> **How to complete this task**
Where does the word "none" appear in the data? Copy every line that holds it.

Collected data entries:
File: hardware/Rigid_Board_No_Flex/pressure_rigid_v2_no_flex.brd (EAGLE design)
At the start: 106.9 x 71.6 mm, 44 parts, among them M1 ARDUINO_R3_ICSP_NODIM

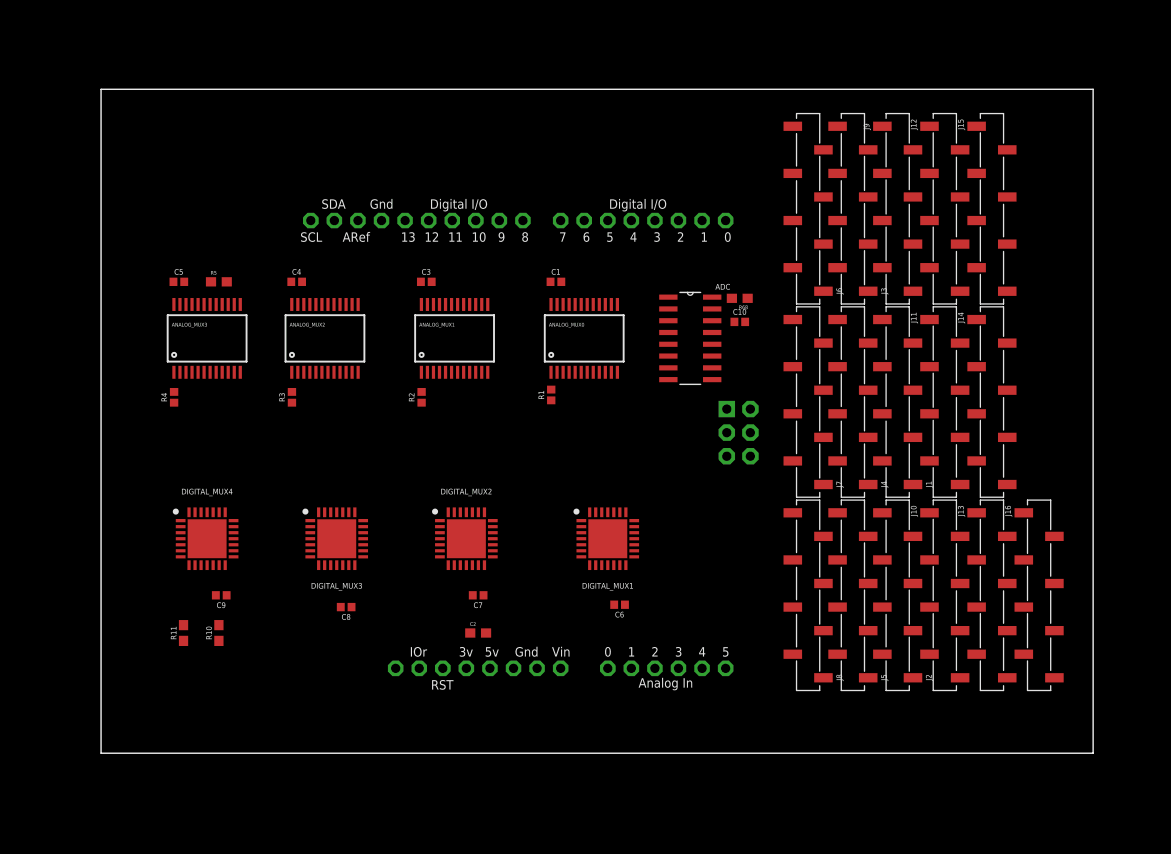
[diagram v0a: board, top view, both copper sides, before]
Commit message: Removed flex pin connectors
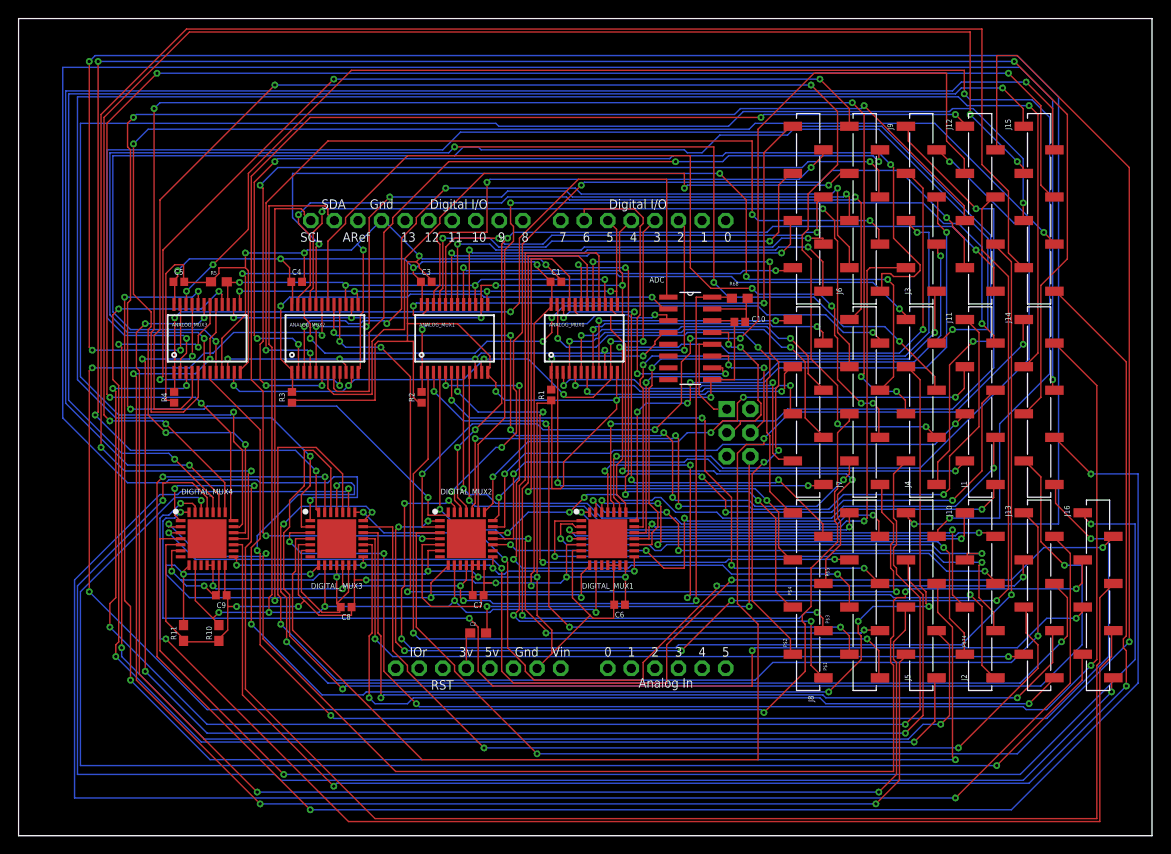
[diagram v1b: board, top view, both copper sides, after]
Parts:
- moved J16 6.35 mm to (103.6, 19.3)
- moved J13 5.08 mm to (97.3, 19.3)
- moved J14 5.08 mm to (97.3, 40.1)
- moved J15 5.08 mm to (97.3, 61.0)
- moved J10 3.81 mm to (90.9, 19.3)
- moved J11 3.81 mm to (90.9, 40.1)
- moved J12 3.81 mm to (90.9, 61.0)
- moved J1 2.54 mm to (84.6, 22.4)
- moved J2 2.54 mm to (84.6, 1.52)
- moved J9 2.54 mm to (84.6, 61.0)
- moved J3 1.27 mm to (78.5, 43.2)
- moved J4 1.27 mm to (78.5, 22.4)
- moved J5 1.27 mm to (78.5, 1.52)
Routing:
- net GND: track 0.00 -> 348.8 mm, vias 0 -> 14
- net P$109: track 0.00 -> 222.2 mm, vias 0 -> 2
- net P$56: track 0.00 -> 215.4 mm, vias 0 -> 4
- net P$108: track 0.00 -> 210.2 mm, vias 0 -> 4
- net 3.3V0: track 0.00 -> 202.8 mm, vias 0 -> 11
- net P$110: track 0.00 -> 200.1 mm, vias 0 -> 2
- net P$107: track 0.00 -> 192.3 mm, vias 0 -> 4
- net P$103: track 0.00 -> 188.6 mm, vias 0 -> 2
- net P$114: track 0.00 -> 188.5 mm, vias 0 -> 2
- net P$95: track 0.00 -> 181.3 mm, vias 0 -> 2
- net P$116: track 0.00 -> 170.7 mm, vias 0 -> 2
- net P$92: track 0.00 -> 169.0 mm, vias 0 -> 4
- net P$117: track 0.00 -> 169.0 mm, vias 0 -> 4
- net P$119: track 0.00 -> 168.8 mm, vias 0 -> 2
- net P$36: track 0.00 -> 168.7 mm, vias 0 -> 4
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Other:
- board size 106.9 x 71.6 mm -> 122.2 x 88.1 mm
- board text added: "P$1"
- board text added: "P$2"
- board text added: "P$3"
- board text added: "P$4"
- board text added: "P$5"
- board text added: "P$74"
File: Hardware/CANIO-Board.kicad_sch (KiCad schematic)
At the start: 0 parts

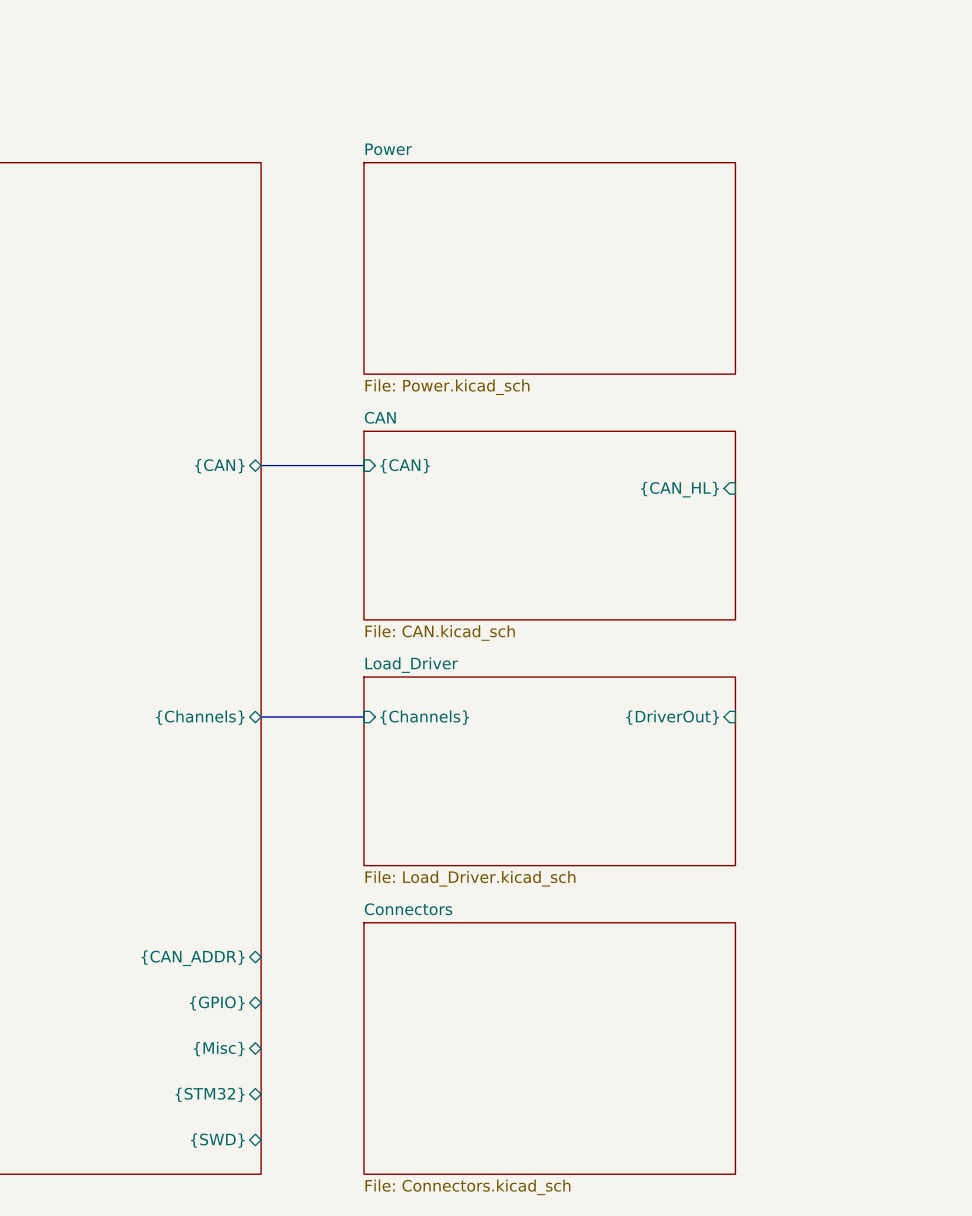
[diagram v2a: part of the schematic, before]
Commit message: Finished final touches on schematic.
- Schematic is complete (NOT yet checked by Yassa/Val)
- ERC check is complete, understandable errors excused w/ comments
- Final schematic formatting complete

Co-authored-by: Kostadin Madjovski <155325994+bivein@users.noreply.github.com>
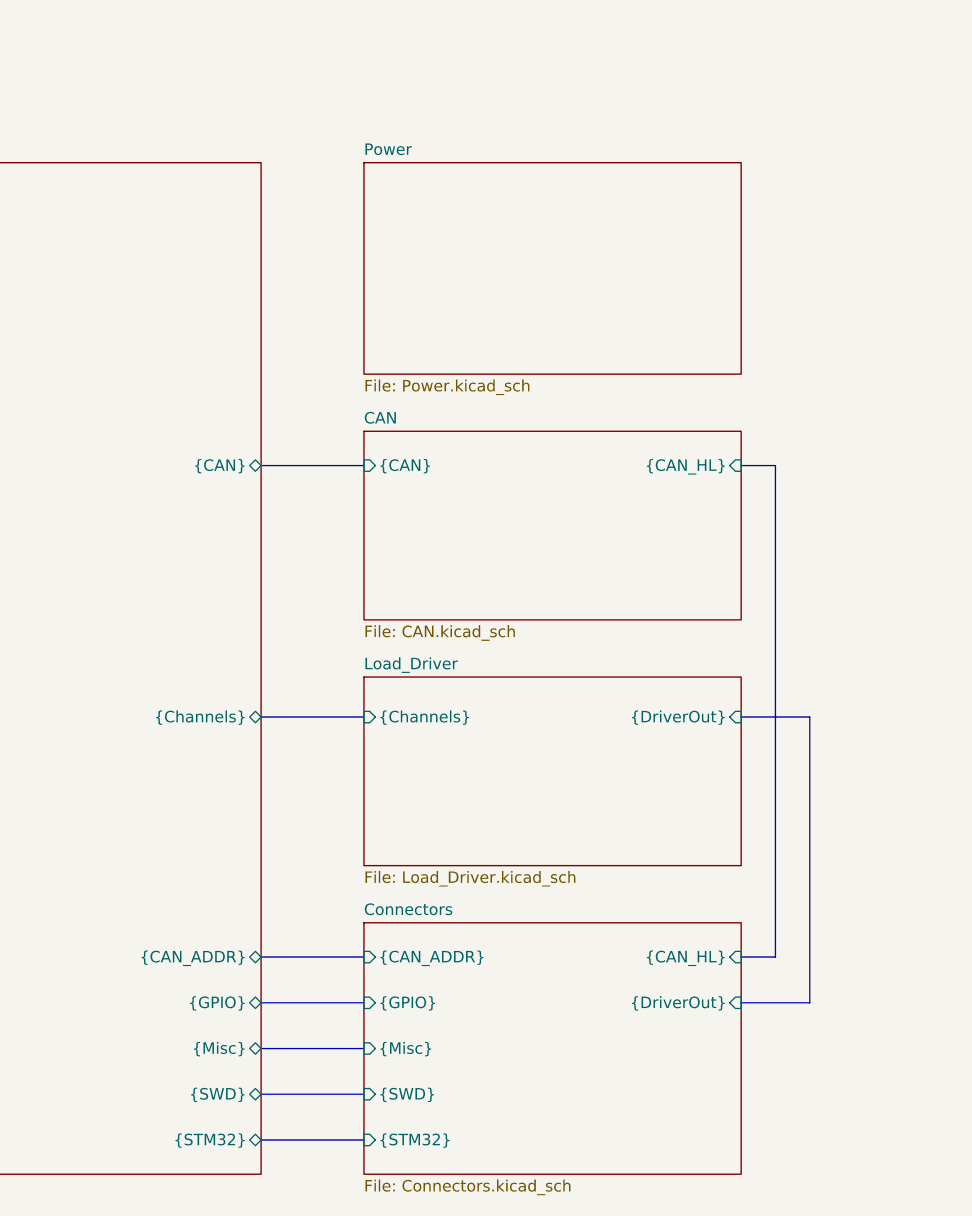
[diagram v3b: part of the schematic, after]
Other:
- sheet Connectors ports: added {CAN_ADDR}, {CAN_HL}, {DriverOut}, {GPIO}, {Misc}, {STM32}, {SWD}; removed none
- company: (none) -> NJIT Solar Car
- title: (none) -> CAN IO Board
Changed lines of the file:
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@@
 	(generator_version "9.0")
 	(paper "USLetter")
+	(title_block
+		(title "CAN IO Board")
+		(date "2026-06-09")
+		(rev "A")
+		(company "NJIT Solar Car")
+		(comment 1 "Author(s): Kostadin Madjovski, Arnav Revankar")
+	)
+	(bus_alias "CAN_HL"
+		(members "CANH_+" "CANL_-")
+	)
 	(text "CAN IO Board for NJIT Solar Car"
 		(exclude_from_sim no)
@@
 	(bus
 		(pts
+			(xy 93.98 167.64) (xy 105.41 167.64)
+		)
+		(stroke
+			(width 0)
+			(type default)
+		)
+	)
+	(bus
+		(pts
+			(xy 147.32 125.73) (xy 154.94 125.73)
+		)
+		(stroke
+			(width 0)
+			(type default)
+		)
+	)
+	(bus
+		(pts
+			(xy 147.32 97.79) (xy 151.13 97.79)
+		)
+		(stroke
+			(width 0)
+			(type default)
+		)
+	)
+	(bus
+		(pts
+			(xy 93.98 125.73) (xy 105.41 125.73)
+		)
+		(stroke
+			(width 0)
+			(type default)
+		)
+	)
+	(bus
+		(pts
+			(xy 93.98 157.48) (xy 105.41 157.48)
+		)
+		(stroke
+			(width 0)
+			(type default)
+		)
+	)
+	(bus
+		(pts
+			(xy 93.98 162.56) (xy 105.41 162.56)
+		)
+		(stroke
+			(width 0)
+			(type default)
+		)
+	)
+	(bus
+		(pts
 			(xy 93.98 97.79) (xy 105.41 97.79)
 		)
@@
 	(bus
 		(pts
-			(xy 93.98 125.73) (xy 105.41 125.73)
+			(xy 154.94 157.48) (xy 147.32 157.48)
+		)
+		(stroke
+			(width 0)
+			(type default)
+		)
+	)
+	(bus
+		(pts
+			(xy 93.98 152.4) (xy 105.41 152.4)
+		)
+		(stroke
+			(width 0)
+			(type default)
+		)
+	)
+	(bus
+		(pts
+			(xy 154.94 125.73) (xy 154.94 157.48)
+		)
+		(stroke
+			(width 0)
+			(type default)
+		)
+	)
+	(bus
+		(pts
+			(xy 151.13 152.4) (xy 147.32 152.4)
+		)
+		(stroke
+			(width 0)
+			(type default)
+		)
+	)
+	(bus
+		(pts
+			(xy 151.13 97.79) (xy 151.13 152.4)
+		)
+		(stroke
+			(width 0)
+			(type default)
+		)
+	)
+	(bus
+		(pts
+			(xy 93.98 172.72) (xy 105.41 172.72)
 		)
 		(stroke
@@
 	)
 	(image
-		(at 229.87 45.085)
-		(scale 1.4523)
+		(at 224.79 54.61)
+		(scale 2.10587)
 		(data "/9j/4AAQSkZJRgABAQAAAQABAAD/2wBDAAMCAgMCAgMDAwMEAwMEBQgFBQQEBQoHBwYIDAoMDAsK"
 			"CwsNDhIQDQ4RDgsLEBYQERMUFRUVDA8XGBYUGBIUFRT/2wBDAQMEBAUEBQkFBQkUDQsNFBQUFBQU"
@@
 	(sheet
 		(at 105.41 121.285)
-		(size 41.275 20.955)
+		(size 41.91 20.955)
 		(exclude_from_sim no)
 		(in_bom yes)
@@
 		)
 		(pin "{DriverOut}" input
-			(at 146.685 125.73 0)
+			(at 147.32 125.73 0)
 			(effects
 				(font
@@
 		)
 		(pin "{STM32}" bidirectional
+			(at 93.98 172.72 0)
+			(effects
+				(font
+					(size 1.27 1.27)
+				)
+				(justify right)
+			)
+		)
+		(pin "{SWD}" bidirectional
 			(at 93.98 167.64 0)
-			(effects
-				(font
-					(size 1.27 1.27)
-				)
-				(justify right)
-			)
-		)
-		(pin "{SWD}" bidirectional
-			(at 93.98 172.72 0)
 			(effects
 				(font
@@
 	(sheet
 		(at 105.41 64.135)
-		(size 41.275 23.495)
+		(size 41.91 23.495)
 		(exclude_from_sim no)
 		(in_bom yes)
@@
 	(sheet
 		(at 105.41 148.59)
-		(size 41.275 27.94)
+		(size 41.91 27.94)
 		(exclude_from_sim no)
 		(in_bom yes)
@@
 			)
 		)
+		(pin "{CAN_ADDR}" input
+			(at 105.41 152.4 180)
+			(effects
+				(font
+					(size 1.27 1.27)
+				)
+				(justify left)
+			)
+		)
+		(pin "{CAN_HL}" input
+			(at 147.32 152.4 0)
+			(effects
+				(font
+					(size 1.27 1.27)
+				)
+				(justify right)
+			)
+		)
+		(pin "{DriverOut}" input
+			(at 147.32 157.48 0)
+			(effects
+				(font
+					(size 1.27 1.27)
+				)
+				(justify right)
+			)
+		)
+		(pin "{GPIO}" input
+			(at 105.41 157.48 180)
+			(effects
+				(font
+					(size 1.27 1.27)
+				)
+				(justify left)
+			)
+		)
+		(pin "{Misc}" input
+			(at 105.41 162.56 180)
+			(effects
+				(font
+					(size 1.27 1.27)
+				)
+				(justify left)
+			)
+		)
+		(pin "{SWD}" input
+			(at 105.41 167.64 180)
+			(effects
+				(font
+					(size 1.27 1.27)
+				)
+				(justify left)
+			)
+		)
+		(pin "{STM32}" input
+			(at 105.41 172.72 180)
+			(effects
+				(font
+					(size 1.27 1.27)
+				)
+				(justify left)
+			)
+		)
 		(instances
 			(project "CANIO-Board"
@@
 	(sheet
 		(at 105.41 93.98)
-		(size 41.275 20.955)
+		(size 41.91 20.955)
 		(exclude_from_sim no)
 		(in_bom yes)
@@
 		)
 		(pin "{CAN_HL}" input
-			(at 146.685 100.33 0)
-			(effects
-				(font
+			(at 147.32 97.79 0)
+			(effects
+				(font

> **Exercise response**
- sheet Connectors ports: added {CAN_ADDR}, {CAN_HL}, {DriverOut}, {GPIO}, {Misc}, {STM32}, {SWD}; removed none
- company: (none) -> NJIT Solar Car
- title: (none) -> CAN IO Board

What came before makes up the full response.